** Opening MATERIALS PROVIDED block **
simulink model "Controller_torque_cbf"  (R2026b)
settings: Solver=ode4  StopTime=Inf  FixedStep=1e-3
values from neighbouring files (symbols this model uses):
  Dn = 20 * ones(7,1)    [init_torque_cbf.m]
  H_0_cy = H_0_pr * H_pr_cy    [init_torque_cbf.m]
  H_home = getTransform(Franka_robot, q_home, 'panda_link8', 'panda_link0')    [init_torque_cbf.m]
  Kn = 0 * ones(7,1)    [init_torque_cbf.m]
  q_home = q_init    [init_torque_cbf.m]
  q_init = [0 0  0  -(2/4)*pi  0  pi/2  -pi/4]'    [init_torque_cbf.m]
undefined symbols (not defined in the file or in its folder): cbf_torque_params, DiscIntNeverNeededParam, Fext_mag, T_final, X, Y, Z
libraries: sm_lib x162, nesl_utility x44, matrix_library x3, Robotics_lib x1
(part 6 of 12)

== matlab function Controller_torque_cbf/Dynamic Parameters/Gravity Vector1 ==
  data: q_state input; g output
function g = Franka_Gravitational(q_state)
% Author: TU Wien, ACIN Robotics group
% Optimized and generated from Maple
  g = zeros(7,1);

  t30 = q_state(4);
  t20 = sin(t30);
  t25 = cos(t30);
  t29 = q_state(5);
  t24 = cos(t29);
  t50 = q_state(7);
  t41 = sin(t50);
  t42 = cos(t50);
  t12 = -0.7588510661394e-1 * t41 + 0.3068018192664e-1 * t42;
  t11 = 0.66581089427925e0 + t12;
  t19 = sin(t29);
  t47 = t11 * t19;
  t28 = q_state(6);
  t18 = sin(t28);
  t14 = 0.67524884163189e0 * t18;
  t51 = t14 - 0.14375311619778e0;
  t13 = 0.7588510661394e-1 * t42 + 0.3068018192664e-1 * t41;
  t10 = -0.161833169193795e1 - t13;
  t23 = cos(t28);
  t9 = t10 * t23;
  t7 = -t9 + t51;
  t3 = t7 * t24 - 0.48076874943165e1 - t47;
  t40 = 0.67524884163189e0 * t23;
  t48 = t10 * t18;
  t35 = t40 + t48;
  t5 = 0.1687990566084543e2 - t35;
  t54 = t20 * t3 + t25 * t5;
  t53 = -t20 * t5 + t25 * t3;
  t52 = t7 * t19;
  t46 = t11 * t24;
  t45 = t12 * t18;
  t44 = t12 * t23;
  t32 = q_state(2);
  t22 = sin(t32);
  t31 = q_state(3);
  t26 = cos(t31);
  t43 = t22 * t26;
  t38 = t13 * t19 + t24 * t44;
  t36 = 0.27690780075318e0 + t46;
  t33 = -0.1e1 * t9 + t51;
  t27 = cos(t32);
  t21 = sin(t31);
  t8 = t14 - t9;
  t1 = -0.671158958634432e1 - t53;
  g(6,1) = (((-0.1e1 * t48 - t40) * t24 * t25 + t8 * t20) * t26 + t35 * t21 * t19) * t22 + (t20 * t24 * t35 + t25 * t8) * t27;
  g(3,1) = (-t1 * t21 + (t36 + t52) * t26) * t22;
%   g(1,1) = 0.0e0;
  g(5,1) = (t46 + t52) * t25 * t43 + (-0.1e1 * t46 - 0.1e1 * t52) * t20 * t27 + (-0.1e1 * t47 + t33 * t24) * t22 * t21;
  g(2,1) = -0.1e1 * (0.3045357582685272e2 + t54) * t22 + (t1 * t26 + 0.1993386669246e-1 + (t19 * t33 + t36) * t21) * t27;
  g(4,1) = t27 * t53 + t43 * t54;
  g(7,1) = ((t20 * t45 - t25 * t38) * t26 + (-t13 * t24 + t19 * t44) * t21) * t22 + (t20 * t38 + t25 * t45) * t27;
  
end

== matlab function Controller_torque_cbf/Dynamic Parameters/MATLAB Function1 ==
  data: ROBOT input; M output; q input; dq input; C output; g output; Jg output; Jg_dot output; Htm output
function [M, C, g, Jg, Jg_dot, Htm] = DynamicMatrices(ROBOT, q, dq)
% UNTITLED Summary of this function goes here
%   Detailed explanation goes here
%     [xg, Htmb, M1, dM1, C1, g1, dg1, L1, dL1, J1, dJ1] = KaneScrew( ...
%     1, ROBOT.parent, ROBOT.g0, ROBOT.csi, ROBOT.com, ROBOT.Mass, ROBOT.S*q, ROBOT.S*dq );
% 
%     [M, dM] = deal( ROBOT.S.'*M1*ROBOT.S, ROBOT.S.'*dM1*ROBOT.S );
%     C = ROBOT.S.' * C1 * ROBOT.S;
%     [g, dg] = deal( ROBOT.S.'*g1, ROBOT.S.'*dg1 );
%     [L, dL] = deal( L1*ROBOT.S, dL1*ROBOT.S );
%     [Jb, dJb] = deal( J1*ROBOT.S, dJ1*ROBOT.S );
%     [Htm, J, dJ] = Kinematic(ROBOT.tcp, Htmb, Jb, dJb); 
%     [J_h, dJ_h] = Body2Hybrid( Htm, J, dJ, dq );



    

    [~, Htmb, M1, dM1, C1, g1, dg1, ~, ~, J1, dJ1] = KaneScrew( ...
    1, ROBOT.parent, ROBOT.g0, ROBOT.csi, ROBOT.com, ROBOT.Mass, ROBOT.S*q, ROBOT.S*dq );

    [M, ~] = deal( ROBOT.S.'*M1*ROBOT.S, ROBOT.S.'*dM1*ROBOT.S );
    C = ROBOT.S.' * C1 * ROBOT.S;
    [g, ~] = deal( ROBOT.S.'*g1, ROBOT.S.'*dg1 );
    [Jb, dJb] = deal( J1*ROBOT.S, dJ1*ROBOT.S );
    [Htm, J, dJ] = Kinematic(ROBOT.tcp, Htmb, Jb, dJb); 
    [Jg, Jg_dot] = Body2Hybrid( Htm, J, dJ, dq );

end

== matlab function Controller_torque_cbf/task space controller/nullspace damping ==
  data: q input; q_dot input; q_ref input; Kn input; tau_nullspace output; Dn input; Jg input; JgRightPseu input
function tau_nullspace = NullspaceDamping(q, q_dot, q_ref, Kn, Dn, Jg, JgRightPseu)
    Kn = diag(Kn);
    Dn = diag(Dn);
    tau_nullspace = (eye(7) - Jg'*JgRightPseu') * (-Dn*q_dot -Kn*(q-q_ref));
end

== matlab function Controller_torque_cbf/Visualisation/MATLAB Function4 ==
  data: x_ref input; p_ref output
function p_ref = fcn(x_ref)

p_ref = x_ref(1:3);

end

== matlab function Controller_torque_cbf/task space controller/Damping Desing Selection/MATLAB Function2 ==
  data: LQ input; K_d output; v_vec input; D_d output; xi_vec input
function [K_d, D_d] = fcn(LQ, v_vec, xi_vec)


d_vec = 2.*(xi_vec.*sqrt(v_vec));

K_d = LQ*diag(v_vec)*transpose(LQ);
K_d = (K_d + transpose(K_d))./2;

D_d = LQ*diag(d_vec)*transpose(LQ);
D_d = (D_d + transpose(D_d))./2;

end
** Closing MATERIALS PROVIDED block **
== WHAT YOU WILL DO ==
Every line above that includes the word "Parameters" must appear in the answer.

== SOLUTION TO THIS PROBLEM ==
== matlab function Controller_torque_cbf/Dynamic Parameters/Gravity Vector1 ==
== matlab function Controller_torque_cbf/Dynamic Parameters/MATLAB Function1 ==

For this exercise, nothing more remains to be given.